Exercise instructions — Tally every line below where "fillet" appears, then report the total alone.

Available data —
* * * * * * * * *
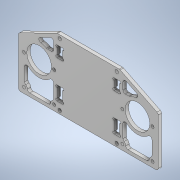
# Autodesk Inventor part: Trunk_horizontal_frame_01
Saved by Autodesk Inventor 2020.4 (Build 244396000, 396)
## iProperties
Created: 2021-09-21
Part Number: Trunk_horizontal_frame_01
Material: アルミニウム 2014-T4
Document SubType Name: Modeling
Designer: Masato
Density: 2.8 g/cm^3
Appearance: 滑らか - 淡い灰色
Author: Masato
Autodesk Inventor part; units mm, degrees
ref_plane "YZ Plane" through (0, 0, 0) normal (1, 0, 0) x (0, 1, 0)
ref_plane "XZ Plane" through (0, 0, 0) normal (0, 1, 0) x (-1, 0, 0)
ref_plane "XY Plane" through (0, 0, 0) normal (0, 0, 1) x (1, 0, 0)
sketch "スケッチ1" plane through (0, 0, 0) normal (0, 0, 1) x (1, 0, 0)
  line L0 (-62.5, 30.75) -> (62.5, 30.75)
  line L1 (62.5, 30.75) -> (62.5, -30.75)
  line L2 (62.5, -30.75) -> (-62.5, -30.75)
  line L3 (-62.5, -30.75) -> (-62.5, 30.75)
  line L4 (-62.5, 30.75) -> (62.5, -30.75) construction
  line L5 (62.5, 30.75) -> (-62.5, -30.75) construction
  line L6 (-62.5, 2.25) -> (62.5, 2.25) construction
  circle A0 centre (-44, 2.25) radius 18.5 construction
  line L7 (-62.5, 0) -> (62.5, 0) construction
  line L8 (0, 30.75) -> (0, -30.75) construction
  circle A1 centre (-44, 2.25) radius 10.5 construction
  line L9 (-57.5, 1.25) -> (-30.5, 1.25) construction
  line L10 (-30.5, 1.25) -> (-30.5, -25.75) construction
  line L11 (-30.5, -25.75) -> (-57.5, -25.75) construction
  line L12 (-57.5, -25.75) -> (-57.5, 1.25) construction
  line L13 (-44, 1.25) -> (-44, -25.75) construction
  line L14 (-57.5, -12.25) -> (-30.5, -12.25) construction
  circle A2 centre (-57.5, 1.25) radius 1.35
  circle A3 centre (-57.5, -25.75) radius 1.35
  circle A4 centre (-30.5, 1.25) radius 1.35
  circle A5 centre (-30.5, -25.75) radius 1.35
  line L15 (-28, 21.75) -> (-23, 21.75) construction
  line L16 (-23, 21.75) -> (-23, 11.75) construction
  line L17 (-23, 11.75) -> (-28, 11.75) construction
  line L18 (-28, 11.75) -> (-28, 21.75) construction
  line L19 (-28, 21.75) -> (-23, 11.75) construction
  line L20 (-23, 21.75) -> (-28, 11.75) construction
  line L21 (-28.01, 21.76) -> (-22.99, 21.76)
  line L22 (-22.99, 21.76) -> (-22.99, 11.74)
  line L23 (-22.99, 11.74) -> (-28.01, 11.74)
  line L24 (-28.01, 11.74) -> (-28.01, 21.76)
  line L25 (-28.01, 21.76) -> (-22.99, 11.74) construction
  line L26 (-22.99, 21.76) -> (-28.01, 11.74) construction
  line L27 (-28.01, 16.75) -> (-22.99, 16.75) construction
  line L28 (-25.5, 21.76) -> (-25.5, 11.74) construction
  arc A6 (-28.01, 21.76) -> (-28.01, 19.66) centre (-28.01, 20.71) ccw
  arc A7 (-22.99, 19.66) -> (-22.99, 21.76) centre (-22.99, 20.71) ccw
  arc A8 (-28.01, 13.84) -> (-28.01, 11.74) centre (-28.01, 12.79) ccw
  arc A9 (-22.99, 11.74) -> (-22.99, 13.84) centre (-22.99, 12.79) ccw
  circle A10 centre (-25.5, 27.75) radius 1.55
  line L29 (-28, -9.25) -> (-23, -9.25) construction
  line L30 (-23, -9.25) -> (-23, -21.75) construction
  line L31 (-23, -21.75) -> (-28, -21.75) construction
  line L32 (-28, -21.75) -> (-28, -9.25) construction
  line L33 (-28, -9.25) -> (-23, -21.75) construction
  line L34 (-23, -9.25) -> (-28, -21.75) construction
  line L35 (-28.01, -9.24) -> (-22.99, -9.24)
  line L36 (-22.99, -9.24) -> (-22.99, -21.76)
  line L37 (-22.99, -21.76) -> (-28.01, -21.76)
  line L38 (-28.01, -21.76) -> (-28.01, -9.24)
  line L39 (-28.01, -9.24) -> (-22.99, -21.76) construction
  line L40 (-22.99, -9.24) -> (-28.01, -21.76) construction
  line L41 (-28.01, -15.5) -> (-22.99, -15.5) construction
  line L42 (-25.5, -9.24) -> (-25.5, -21.76) construction
  arc A11 (-28.01, -9.24) -> (-28.01, -11.34) centre (-28.01, -10.29) ccw
  arc A12 (-22.99, -11.34) -> (-22.99, -9.24) centre (-22.99, -10.29) ccw
  arc A13 (-22.99, -21.76) -> (-22.99, -19.66) centre (-22.99, -20.71) ccw
  arc A14 (-28.01, -19.66) -> (-28.01, -21.76) centre (-28.01, -20.71) ccw
  circle A15 centre (-25.5, -27.75) radius 1.55
  circle A16 centre (-44, 2.25) radius 11
  arc A17 (-54.9991, 2.3936) -> (-54.8579, 0.4874) centre (-57.5, 1.25) ccw
  arc A18 (-33.1421, 0.4874) -> (-33.0009, 2.3936) centre (-30.5, 1.25) ccw
  line L43 (62.5, 30.75) -> (-62.5, -30.75) construction
  line L44 (-62.5, 30.75) -> (62.5, -30.75) construction
  line L45 (62.5, 2.25) -> (-62.5, 2.25) construction
  circle A19 centre (44, 2.25) radius 18.5 construction
  line L46 (62.5, 0) -> (-62.5, 0) construction
  circle A20 centre (44, 2.25) radius 10.5 construction
  line L47 (57.5, 1.25) -> (30.5, 1.25) construction
  line L48 (30.5, 1.25) -> (30.5, -25.75) construction
  line L49 (30.5, -25.75) -> (57.5, -25.75) construction
  line L50 (57.5, -25.75) -> (57.5, 1.25) construction
  line L51 (44, 1.25) -> (44, -25.75) construction
  line L52 (57.5, -12.25) -> (30.5, -12.25) construction
  circle A21 centre (57.5, 1.25) radius 1.35
  circle A22 centre (57.5, -25.75) radius 1.35
  circle A23 centre (30.5, 1.25) radius 1.35
  circle A24 centre (30.5, -25.75) radius 1.35
  line L53 (28, 21.75) -> (23, 21.75) construction
  line L54 (23, 21.75) -> (23, 11.75) construction
  line L55 (23, 11.75) -> (28, 11.75) construction
  line L56 (28, 11.75) -> (28, 21.75) construction
  line L57 (28, 21.75) -> (23, 11.75) construction
  line L58 (23, 21.75) -> (28, 11.75) construction
  line L59 (28.01, 21.76) -> (22.99, 21.76)
  line L60 (22.99, 21.76) -> (22.99, 11.74)
  line L61 (22.99, 11.74) -> (28.01, 11.74)
  line L62 (28.01, 11.74) -> (28.01, 21.76)
  line L63 (28.01, 21.76) -> (22.99, 11.74) construction
  line L64 (22.99, 21.76) -> (28.01, 11.74) construction
  line L65 (28.01, 16.75) -> (22.99, 16.75) construction
  line L66 (25.5, 21.76) -> (25.5, 11.74) construction
  arc A25 (28.01, 19.66) -> (28.01, 21.76) centre (28.01, 20.71) ccw
  arc A26 (22.99, 21.76) -> (22.99, 19.66) centre (22.99, 20.71) ccw
  arc A27 (22.99, 13.84) -> (22.99, 11.74) centre (22.99, 12.79) ccw
  arc A28 (28.01, 11.74) -> (28.01, 13.84) centre (28.01, 12.79) ccw
  circle A29 centre (25.5, 27.75) radius 1.55
  arc A30 (28.01, -21.76) -> (28.01, -19.66) centre (28.01, -20.71) ccw
  line L67 (23, -21.75) -> (28, -21.75) construction
  line L68 (22.99, -21.76) -> (28.01, -21.76)
  arc A31 (22.99, -19.66) -> (22.99, -21.76) centre (22.99, -20.71) ccw
  line L69 (28, -21.75) -> (28, -9.25) construction
  line L70 (28.01, -21.76) -> (28.01, -9.24)
  line L71 (28.01, -15.5) -> (22.99, -15.5) construction
  line L72 (25.5, -9.24) -> (25.5, -21.76) construction
  line L73 (28, -9.25) -> (23, -21.75) construction
  line L74 (23, -9.25) -> (28, -21.75) construction
  line L75 (28.01, -9.24) -> (22.99, -21.76) construction
  line L76 (22.99, -9.24) -> (28.01, -21.76) construction
  line L77 (23, -9.25) -> (23, -21.75) construction
  line L78 (22.99, -9.24) -> (22.99, -21.76)
  circle A32 centre (25.5, -27.75) radius 1.55
  arc A33 (22.99, -9.24) -> (22.99, -11.34) centre (22.99, -10.29) ccw
  line L79 (28, -9.25) -> (23, -9.25) construction
  line L80 (28.01, -9.24) -> (22.99, -9.24)
  arc A34 (28.01, -11.34) -> (28.01, -9.24) centre (28.01, -10.29) ccw
  circle A35 centre (44, 2.25) radius 11
  arc A36 (54.8579, 0.4874) -> (54.9991, 2.3936) centre (57.5, 1.25) ccw
  arc A37 (33.0009, 2.3936) -> (33.1421, 0.4874) centre (30.5, 1.25) ccw
  arc A38 (-44, -11.75) -> (-31.01, -2.9711) centre (-44, 2.25) ccw
  arc A39 (-55.2639, -27.75) -> (-56.99, -22.7937) centre (-57.5, -25.75) ccw
  line L81 (-56.99, -22.7937) -> (-56.99, -2.9711)
  line L82 (-55.2639, -27.75) -> (-32.7361, -27.75)
  arc A40 (-31.01, -22.7937) -> (-32.7361, -27.75) centre (-30.5, -25.75) ccw
  line L83 (-31.01, -22.7937) -> (-31.01, -2.9711)
  arc A41 (-56.99, -2.9711) -> (-44, -11.75) centre (-44, 2.25) ccw
  arc A42 (31.01, -2.9711) -> (44, -11.75) centre (44, 2.25) ccw
  arc A43 (56.99, -22.7937) -> (55.2639, -27.75) centre (57.5, -25.75) ccw
  line L84 (56.99, -22.7937) -> (56.99, -2.9711)
  line L85 (55.2639, -27.75) -> (32.7361, -27.75)
  arc A44 (32.7361, -27.75) -> (31.01, -22.7937) centre (30.5, -25.75) ccw
  line L86 (31.01, -22.7937) -> (31.01, -2.9711)
  arc A45 (44, -11.75) -> (56.99, -2.9711) centre (44, 2.25) ccw
  line L87 (-60, 14.25) -> (-28, 14.25) construction
  line L88 (-28, 14.25) -> (-28, -28.75) construction
  line L89 (-28, -28.75) -> (-60, -28.75) construction
  line L90 (-60, -28.75) -> (-60, 14.25) construction
  line L91 (-60, 14.25) -> (-28, -28.75) construction
  line L92 (-28, 14.25) -> (-60, -28.75) construction
  arc A46 (-54.583, 14.25) -> (-60, 2.25) centre (-44, 2.25) ccw construction
  arc A47 (-28, 2.25) -> (-33.417, 14.25) centre (-44, 2.25) ccw construction
  line L93 (-28, 30.75) -> (-62.5, 13.7615)
  line L94 (28, 30.75) -> (62.5, 13.7615)
  line L95 (-31.01, 25.9238) -> (-43.143, 19.9493)
  arc A48 (-56.99, -2.9711) -> (-56.1, -4.792) centre (-44, 2.25) ccw
  arc A49 (-43.143, 19.9493) -> (-42.477, 16.1669) centre (-42.2595, 18.155) ccw
  line L96 (-31.01, 14.25) -> (-36.7889, 14.25)
  arc A50 (-36.7889, 14.25) -> (-42.477, 16.1669) centre (-44, 2.25) ccw
  line L97 (-31.01, 14.25) -> (-31.01, 25.9238)
  line L98 (31.01, 25.9238) -> (43.143, 19.9493)
  arc A51 (42.477, 16.1669) -> (43.143, 19.9493) centre (42.2595, 18.155) ccw
  line L99 (31.01, 14.25) -> (36.7889, 14.25)
  arc A52 (42.477, 16.1669) -> (36.7889, 14.25) centre (44, 2.25) ccw
  line L100 (31.01, 14.25) -> (31.01, 25.9238)
  point P0 (0, 0)
  point P1 (-25.5, 16.75)
  point P2 (-25.5, -15.5)
  point P3 (25.5, 16.75)
  point P4 (25.5, -15.5)
  point P5 (28.01, -19.66)
  point P6 (22.99, -11.34)
  point P7 (22.99, 19.66)
  point P8 (28.01, 13.84)
  point P9 (-28.01, -19.66)
  point P10 (-22.99, -19.66)
  point P11 (-22.99, 13.84)
  point P12 (-44, -7.25)
  dimension "d2" = 37
  dimension "d3" = 21
  dimension "d4" = 27
  dimension "d5" = 2.7
  dimension "d6" = 1
  dimension "d7" = 27
  dimension "d8" = 5
  dimension "d9" = 10
  dimension "d10" = 0.01
  dimension "d11" = 0.01
  dimension "d12" = 1.05
  dimension "d13" = 3.1
  dimension "d14" = 5
  dimension "d15" = 12.5
  dimension "d16" = 0.01
  dimension "d17" = 0.01
  dimension "d18" = 1.05
  dimension "d19" = 3.1
  dimension "d20" = 6
  dimension "d21" = 6
  dimension "d22" = 44
  dimension "d23" = 16
  dimension "d24" = 3
  dimension "d25" = 3
  dimension "d26" = 28.5
  dimension "d28" = 33
  dimension "d29" = 0.5
  dimension "d31" = 2.75
  dimension "d32" = 11.5
  dimension "d33" = 10.5
  dimension "d34" = 10.5
  dimension "d35" = 18.5
  dimension "d36" = 125
  dimension "d39" = 3
  dimension "d40" = 3
  dimension "d41" = 3
  dimension "d42" = 3
  dimension "d45" = 32
  dimension "d46" = 43
  dimension "d47" = 9.5
  dimension "d48" = 2
  dimension "d49" = 2.5
  dimension "d50" = 16
  dimension "d52" = 3
  dimension "d54" = 2
  dimension "d55" = 3
  constraints: 202 end point, 115 symmetric about line, 75 point on circle, 53 centre point, 36 midpoint, 28 point on line, 15 parallel, 12 coincident, 8 horizontal, 8 perpendicular, 3 tangent, 3 vertical, 1 collinear, 37 other
  measures "d2" diameter of A0
  measures "d3" diameter of A1
  measures "d4" distance of L10.end L11.end
  measures "d5" diameter of A2
  measures "d6" distance of L13.start A0.centre
  measures "d7" distance of L10.end L9.end
  measures "d8" distance of L16.end L17.end
  measures "d9" distance of L15.end L16.end
  measures "d10" distance between parallel lines of L21 L15
  measures "d11" distance between parallel lines of L22 L16
  measures "d12" radius of A6
  measures "d13" diameter of A10
  measures "d14" distance of L31.start L31.end
  measures "d15" distance of L34.start L31.start
  measures "d16" distance between parallel lines of L35 L29
  measures "d17" distance between parallel lines of L36 L30
  measures "d18" radius of A11
  measures "d19" diameter of A15
  measures "d20" vertical distance of L15.end A10.centre
  measures "d21" vertical distance of L31.start A15.centre
  measures "d22" horizontal distance of A0.centre point (0, 0)
  measures "d23" horizontal distance of A0.centre L15.start
  measures "d24" vertical distance of L8.start A10.centre
  measures "d25" distance from line of L2 A15.centre
  measures "d26" vertical distance of A0.centre L8.start
  measures "d28" vertical distance of L2.end A0.centre
  measures "d29" radial gap between concentric circles of A1 A16
  measures "d31" radius of A17
  measures "d32" distance between parallel lines of L29 L6
  measures "d33" vertical distance of L32.end A4.centre
  measures "d34" distance from line of A4.centre L17
  measures "d35" horizontal distance of L0.start A1.centre
  measures "d36" distance of L0.start L0.end
  measures "d39" vertical distance of L2.end L82.start
  measures "d40" radial gap between concentric circles of A38 A16
  measures "d41" radius of A39
  measures "d42" distance from line of L83 A11.centre
  measures "d45" distance of L88.end L89.end
  measures "d46" distance of L87.end L88.end
  measures "d47" distance of point (-44, -7.25) A16.centre
  measures "d48" vertical distance of L2.end L89.end
  measures "d49" horizontal distance of L2.end L89.end
  measures "d50" radius of A46
  measures "d52" distance between parallel lines of L95 L93
  measures "d54" radius of A49
  measures "d55" radial gap between concentric circles of A16 A50
extrude "押し出し1" add sketch "スケッチ1" along normal blind 3 contours L0 L94 L1 L2 L3 L93 | A16 A18 | A16 A17 | A35 A36 | A35 A37
fillet "フィレット1" radius 2 18 edges at (-56.99, -2.9711, 1.5) (-31.01, -2.9711, 1.5) (-56.99, -22.7937, 1.5) (-55.2639, -27.75, 1.5) (-32.7361, -27.75, 1.5) (-31.01, -22.7937, 1.5) (31.01, -22.7937, 1.5) (32.7361, -27.75, 1.5) (31.01, -2.9711, 1.5) (56.99, -2.9711, 1.5) (56.99, -22.7937, 1.5) (55.2639, -27.75, 1.5) (31.01, 25.9238, 1.5) (-31.01, 25.9238, 1.5) (-36.7889, 14.25, 1.5) (-31.01, 14.25, 1.5) (31.01, 14.25, 1.5) (36.7889, 14.25, 1.5)
fillet "フィレット2" radius 2 6 edges at (62.5, -30.75, 1.5) (-62.5, -30.75, 1.5) (-62.5, 13.7615, 1.5) (-28, 30.75, 1.5) (28, 30.75, 1.5) (62.5, 13.7615, 1.5)
equation "\"d11\" = d10"
equation "\"d14\" = d8"
equation "\"d16\" = d10"
equation "\"d17\" = d16"
equation "\"d18\" = d12"
equation "\"d35\" = 0.5 * d2"
* * * * * * * * *
Task solution — 2